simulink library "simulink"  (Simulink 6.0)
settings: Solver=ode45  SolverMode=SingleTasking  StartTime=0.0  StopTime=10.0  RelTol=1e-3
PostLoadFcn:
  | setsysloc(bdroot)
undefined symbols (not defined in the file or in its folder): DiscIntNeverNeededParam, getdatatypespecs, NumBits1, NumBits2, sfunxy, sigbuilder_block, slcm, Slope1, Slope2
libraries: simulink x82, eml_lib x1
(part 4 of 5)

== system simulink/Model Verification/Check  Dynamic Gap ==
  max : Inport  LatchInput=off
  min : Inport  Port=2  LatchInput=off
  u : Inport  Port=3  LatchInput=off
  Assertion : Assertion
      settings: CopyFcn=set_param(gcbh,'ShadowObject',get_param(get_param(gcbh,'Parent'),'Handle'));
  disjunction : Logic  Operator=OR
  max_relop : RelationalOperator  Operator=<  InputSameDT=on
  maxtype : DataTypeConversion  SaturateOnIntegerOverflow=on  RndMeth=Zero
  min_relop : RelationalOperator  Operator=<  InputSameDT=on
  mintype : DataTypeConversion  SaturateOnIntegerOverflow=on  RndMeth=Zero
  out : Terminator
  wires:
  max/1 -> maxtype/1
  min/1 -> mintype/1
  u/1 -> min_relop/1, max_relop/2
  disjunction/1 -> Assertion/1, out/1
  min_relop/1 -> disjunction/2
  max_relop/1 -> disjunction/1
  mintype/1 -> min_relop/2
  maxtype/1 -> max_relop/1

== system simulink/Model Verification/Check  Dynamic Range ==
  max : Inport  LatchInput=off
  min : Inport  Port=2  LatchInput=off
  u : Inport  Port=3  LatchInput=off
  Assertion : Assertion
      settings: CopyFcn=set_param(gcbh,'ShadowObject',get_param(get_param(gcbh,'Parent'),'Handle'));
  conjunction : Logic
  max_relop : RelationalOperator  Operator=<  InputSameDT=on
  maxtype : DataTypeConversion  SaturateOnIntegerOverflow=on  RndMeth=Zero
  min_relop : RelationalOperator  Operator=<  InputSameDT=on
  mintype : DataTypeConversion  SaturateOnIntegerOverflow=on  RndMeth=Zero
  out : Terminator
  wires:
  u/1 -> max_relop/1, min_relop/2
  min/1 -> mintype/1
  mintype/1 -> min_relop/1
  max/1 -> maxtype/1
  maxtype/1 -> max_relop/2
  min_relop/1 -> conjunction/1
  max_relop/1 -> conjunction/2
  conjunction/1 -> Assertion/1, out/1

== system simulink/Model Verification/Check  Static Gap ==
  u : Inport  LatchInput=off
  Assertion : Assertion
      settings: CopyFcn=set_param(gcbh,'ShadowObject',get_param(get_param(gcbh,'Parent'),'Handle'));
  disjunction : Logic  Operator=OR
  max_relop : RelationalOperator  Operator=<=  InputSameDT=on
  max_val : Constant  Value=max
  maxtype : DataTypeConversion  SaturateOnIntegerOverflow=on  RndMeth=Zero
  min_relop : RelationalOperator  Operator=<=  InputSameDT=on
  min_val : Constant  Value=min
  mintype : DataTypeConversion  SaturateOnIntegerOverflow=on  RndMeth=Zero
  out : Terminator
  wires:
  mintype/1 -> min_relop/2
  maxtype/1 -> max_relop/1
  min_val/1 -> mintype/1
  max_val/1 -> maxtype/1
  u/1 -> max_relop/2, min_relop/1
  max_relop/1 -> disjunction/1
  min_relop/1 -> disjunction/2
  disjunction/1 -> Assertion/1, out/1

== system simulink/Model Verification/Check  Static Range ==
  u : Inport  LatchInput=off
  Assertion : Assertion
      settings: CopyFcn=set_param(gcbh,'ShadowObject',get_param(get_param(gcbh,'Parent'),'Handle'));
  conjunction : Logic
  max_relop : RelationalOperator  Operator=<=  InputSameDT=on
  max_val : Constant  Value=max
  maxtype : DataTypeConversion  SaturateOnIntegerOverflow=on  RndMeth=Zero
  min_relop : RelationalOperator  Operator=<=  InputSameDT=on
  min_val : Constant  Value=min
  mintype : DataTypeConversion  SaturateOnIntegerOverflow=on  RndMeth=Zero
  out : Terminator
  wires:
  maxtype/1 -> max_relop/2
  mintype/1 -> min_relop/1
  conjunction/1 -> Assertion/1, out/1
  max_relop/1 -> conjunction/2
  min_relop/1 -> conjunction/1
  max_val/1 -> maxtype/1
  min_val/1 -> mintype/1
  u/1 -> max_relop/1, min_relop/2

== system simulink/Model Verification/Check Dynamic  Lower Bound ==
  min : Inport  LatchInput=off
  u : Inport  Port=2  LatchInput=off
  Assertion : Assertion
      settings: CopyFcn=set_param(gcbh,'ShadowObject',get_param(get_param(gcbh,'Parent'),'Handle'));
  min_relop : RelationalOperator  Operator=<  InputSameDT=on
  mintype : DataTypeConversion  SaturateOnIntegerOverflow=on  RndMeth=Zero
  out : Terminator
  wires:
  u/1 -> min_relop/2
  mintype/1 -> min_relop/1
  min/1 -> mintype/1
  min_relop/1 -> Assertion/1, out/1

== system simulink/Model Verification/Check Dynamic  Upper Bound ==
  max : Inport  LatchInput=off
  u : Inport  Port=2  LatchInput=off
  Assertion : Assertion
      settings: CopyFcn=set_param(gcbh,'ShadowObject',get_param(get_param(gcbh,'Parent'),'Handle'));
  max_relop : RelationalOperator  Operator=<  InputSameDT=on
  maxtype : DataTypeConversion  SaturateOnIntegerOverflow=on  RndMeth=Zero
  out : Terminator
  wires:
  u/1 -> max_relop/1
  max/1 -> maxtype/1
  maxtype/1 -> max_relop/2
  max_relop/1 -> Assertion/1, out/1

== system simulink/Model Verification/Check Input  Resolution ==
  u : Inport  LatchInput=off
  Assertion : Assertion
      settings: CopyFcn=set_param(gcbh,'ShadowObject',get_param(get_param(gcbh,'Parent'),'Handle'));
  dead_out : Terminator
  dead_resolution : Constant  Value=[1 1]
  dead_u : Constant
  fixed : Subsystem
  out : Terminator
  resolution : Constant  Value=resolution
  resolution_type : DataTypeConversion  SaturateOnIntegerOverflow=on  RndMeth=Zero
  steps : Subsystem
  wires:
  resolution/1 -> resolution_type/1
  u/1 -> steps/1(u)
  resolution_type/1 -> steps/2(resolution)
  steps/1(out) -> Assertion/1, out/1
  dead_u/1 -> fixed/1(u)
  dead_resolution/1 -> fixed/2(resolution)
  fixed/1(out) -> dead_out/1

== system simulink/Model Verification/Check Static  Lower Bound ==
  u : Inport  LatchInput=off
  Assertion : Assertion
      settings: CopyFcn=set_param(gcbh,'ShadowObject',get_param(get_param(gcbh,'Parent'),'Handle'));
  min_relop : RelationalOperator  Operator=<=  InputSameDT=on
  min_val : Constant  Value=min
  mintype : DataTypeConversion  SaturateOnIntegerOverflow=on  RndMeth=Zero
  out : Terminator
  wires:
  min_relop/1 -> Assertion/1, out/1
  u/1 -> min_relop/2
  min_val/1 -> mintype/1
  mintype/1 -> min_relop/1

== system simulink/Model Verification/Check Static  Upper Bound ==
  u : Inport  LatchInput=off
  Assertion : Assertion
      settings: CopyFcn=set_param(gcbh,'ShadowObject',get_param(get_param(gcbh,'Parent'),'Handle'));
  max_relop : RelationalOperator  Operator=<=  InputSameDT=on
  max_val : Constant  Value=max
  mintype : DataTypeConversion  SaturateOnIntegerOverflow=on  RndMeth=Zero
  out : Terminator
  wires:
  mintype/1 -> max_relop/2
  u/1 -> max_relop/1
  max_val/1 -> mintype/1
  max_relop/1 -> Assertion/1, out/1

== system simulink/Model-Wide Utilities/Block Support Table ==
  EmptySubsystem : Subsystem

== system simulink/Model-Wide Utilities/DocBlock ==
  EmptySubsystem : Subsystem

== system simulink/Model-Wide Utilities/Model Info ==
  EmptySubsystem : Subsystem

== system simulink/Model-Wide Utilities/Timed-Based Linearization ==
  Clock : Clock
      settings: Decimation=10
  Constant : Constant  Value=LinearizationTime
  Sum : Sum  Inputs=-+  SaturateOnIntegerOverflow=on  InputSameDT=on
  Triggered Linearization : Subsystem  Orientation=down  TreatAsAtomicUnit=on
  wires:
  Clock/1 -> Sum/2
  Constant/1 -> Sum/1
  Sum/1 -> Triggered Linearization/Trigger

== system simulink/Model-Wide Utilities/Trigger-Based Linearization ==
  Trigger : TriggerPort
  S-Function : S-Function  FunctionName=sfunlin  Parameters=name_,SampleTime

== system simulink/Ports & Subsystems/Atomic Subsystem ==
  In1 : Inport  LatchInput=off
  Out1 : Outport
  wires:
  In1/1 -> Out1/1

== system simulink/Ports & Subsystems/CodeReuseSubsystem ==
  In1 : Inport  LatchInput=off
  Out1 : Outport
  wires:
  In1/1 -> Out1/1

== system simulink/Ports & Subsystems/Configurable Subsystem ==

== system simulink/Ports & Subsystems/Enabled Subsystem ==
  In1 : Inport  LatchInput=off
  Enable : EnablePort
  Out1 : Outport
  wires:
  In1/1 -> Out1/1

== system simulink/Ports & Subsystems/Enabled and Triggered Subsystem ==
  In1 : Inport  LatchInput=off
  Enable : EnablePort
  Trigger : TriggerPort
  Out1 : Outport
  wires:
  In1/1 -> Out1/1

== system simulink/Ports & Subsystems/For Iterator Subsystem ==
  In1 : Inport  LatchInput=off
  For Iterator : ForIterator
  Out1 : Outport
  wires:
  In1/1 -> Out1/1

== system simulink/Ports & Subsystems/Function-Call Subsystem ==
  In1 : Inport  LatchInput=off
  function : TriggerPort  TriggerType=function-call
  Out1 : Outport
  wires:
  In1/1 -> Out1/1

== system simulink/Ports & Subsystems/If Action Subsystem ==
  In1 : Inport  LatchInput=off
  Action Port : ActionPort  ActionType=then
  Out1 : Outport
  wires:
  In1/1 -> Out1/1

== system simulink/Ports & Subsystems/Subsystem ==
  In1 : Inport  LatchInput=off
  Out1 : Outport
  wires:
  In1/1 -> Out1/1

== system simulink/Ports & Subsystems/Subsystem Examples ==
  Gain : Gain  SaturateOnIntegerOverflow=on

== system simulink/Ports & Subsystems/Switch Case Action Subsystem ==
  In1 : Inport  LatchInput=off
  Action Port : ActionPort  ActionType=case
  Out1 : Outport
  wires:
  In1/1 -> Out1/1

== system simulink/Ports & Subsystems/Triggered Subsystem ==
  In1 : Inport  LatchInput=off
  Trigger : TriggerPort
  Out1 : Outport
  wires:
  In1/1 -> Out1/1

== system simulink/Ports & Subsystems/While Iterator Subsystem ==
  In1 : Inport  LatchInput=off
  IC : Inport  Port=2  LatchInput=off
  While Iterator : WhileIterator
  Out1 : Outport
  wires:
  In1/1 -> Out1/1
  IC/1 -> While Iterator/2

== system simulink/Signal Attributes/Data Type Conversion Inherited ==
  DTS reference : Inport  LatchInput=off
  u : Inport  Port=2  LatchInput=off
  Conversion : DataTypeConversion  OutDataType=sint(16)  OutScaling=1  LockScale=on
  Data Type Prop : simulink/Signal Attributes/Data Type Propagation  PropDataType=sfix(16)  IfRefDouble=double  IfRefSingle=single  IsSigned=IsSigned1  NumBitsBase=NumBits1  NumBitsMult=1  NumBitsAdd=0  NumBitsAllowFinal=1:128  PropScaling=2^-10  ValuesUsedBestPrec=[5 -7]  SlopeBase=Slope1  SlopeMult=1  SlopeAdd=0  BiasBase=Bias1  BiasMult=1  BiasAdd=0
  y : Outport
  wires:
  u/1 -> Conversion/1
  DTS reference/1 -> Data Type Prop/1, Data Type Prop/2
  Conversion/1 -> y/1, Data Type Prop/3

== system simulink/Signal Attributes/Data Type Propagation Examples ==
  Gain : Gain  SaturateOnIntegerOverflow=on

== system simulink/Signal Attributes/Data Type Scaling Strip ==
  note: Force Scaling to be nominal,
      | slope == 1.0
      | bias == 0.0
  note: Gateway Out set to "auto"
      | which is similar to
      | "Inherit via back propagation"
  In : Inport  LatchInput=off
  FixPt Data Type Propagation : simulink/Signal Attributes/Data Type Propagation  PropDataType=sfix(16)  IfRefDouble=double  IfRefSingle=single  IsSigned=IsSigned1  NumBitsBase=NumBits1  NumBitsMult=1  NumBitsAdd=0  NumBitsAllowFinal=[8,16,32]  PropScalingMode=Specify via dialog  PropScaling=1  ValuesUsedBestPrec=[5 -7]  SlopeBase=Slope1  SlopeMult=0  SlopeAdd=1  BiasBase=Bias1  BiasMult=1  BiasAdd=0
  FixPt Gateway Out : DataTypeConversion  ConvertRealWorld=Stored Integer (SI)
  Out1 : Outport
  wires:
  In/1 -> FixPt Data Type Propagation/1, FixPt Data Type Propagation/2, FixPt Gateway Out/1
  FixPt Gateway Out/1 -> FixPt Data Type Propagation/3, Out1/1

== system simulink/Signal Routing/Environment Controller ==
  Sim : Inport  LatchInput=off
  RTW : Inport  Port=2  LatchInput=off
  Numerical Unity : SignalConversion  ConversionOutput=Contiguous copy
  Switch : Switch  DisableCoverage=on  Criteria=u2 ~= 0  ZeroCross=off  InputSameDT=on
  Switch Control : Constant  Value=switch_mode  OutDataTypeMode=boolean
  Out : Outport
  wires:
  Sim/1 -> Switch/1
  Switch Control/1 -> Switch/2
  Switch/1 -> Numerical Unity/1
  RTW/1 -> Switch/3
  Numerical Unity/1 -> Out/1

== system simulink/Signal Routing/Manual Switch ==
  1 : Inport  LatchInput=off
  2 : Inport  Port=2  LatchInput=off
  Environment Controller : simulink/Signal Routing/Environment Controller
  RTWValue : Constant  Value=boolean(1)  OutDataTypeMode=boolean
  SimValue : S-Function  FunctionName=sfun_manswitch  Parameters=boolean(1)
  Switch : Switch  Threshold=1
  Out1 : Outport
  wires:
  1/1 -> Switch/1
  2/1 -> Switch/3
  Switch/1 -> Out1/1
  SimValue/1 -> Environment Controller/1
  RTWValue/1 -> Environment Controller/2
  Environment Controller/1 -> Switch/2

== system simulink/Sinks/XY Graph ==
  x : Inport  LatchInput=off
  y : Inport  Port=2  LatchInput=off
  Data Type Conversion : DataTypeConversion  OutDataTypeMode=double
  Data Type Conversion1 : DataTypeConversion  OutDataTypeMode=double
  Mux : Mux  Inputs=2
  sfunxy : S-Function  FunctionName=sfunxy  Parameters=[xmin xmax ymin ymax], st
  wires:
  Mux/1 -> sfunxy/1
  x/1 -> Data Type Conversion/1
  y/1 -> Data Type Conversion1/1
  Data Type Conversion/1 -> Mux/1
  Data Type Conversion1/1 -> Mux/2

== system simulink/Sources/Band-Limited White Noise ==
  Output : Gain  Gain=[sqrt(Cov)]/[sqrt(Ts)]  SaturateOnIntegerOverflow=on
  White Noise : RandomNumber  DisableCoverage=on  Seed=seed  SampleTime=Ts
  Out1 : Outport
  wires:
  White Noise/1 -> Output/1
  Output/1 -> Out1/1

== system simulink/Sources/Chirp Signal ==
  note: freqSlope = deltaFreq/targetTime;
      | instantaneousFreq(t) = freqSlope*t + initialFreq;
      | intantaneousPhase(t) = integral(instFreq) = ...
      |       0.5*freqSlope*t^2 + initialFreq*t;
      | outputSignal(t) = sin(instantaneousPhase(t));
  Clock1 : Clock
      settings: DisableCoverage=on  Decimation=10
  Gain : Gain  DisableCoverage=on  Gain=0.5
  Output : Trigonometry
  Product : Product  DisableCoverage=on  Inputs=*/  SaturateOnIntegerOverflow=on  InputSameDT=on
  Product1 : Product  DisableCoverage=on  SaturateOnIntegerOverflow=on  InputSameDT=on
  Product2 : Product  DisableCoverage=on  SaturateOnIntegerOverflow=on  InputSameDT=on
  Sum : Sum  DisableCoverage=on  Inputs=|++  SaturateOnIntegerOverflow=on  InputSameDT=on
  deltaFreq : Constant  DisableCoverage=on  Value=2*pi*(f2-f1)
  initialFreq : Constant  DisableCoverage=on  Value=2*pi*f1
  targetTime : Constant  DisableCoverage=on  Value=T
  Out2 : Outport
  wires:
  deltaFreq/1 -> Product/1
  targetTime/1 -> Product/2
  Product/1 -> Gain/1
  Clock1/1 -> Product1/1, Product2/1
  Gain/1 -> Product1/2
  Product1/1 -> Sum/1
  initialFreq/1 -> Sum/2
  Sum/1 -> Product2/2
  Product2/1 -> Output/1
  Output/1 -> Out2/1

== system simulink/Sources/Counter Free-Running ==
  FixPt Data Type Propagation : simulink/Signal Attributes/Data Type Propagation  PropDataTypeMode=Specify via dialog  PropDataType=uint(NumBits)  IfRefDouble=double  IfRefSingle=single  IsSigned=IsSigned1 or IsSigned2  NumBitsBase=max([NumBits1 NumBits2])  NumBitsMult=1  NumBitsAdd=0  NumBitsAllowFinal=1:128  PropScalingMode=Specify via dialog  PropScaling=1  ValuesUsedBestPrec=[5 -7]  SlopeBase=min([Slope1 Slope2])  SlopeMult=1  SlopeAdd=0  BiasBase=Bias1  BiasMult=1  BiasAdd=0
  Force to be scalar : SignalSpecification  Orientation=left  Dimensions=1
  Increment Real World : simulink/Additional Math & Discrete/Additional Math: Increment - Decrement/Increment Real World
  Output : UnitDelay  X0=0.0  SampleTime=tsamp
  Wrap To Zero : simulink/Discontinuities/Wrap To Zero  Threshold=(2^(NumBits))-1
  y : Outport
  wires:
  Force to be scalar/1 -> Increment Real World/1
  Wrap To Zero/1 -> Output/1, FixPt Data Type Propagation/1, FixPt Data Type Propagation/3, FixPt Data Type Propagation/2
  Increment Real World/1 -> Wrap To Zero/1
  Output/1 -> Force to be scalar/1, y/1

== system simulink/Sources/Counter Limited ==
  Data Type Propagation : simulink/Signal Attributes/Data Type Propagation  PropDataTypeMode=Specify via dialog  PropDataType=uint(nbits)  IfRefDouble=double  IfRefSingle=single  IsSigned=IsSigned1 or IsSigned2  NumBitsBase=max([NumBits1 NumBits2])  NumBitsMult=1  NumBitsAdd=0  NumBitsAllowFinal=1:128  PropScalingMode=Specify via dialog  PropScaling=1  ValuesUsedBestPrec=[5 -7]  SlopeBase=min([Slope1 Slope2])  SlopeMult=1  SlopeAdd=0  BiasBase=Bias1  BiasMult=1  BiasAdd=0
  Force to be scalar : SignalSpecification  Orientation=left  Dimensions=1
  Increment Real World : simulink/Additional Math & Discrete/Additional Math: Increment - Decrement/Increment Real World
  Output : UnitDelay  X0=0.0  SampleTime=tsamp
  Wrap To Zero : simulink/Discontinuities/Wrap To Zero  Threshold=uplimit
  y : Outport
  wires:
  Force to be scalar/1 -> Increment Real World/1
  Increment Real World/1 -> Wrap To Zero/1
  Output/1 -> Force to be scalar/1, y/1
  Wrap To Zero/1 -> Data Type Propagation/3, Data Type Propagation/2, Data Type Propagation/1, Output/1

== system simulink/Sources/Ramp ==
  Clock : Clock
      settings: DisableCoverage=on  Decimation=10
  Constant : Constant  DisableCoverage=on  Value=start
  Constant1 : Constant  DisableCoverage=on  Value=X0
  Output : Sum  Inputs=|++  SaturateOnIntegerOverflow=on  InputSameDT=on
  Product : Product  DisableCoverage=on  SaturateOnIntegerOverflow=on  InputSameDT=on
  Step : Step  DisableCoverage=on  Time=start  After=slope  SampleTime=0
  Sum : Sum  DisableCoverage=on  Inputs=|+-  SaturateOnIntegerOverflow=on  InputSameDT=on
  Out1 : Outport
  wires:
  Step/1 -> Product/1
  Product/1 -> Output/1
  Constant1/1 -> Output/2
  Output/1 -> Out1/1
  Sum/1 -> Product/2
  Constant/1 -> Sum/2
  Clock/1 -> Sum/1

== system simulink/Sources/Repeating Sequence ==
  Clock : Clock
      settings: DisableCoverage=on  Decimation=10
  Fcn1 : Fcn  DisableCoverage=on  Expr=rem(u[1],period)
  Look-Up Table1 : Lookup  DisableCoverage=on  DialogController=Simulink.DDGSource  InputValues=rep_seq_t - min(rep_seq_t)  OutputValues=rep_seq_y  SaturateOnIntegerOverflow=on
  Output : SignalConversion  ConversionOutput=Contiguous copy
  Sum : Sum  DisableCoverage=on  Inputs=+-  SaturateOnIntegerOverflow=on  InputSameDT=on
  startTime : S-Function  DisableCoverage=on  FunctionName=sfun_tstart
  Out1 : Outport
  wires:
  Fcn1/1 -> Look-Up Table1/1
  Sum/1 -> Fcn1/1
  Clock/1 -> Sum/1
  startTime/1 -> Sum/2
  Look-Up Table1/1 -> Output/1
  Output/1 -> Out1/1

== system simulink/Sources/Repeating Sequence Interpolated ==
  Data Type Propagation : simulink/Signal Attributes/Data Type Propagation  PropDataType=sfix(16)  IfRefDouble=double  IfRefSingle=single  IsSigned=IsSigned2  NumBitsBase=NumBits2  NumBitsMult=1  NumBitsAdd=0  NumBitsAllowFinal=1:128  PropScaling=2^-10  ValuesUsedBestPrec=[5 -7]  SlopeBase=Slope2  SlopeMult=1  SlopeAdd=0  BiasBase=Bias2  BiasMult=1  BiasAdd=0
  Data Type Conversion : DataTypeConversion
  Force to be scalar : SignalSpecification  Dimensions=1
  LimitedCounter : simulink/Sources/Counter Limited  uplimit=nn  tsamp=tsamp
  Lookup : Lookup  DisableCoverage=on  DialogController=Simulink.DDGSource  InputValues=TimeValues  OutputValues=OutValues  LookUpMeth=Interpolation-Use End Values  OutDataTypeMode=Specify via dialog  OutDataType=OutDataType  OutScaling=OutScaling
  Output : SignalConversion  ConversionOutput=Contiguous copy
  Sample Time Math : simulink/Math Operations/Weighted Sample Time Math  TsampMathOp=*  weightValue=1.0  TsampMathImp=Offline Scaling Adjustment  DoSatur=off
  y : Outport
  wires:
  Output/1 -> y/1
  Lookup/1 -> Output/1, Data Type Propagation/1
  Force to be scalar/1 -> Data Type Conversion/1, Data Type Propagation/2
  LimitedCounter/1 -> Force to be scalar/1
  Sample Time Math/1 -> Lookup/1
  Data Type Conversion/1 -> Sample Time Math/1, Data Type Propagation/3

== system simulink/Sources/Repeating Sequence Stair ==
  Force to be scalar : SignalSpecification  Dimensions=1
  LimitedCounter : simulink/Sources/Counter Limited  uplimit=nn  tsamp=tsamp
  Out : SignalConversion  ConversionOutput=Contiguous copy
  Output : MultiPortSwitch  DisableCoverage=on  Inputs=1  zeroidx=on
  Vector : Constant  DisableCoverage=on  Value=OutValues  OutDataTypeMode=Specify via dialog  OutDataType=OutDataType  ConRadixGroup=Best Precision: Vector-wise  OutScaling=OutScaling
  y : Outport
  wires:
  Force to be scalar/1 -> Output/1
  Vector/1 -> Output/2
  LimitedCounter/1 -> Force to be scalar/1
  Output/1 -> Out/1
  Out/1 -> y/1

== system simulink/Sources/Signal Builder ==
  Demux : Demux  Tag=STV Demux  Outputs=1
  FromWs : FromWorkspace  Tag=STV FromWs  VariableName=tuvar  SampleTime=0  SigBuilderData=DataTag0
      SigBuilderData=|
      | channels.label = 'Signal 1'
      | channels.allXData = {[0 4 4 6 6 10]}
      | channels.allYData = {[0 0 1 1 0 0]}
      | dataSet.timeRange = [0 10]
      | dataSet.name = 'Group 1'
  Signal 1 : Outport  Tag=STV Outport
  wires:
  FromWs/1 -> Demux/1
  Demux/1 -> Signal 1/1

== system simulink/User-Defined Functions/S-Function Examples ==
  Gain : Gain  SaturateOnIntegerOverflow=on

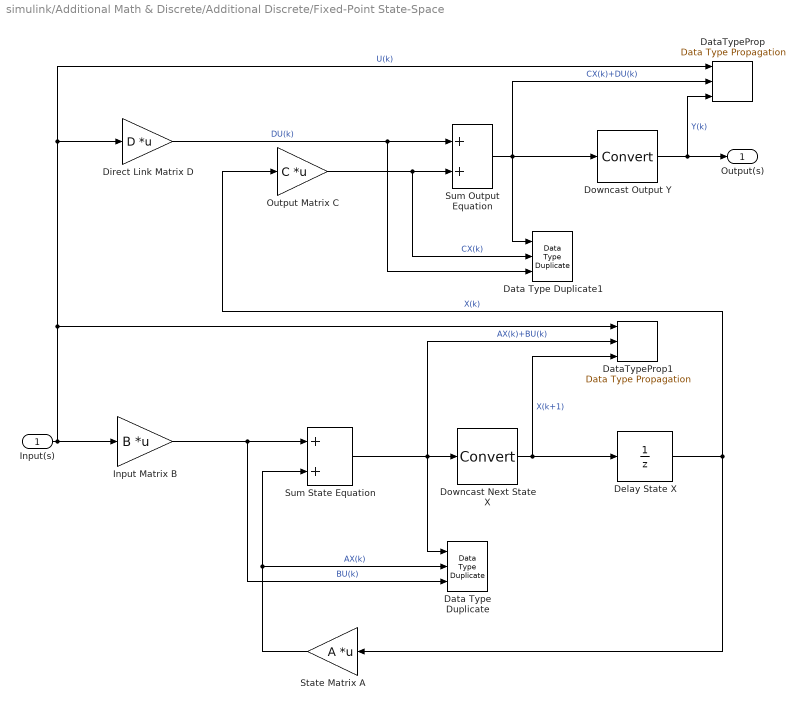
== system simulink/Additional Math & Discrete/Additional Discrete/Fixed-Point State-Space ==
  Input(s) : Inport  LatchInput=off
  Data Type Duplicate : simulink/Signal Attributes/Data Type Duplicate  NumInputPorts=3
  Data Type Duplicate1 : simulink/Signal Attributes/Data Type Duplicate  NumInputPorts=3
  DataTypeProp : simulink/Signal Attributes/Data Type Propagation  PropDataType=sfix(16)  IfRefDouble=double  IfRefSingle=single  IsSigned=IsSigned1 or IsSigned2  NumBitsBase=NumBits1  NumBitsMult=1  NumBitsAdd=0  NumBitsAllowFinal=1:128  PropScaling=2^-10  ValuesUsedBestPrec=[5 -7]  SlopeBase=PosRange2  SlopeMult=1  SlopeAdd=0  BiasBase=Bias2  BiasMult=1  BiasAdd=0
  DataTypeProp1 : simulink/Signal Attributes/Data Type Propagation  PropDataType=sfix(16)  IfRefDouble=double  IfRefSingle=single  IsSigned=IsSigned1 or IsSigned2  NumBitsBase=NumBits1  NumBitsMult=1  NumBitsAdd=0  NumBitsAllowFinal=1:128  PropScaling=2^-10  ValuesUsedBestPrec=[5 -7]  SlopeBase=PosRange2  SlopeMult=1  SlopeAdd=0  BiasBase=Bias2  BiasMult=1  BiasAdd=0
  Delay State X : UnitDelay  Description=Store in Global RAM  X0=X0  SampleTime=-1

** Exercise objective **
Within the records, how many lines carry the word "Utilities"? Reply with the figure alone.

** Answer to the problem **
5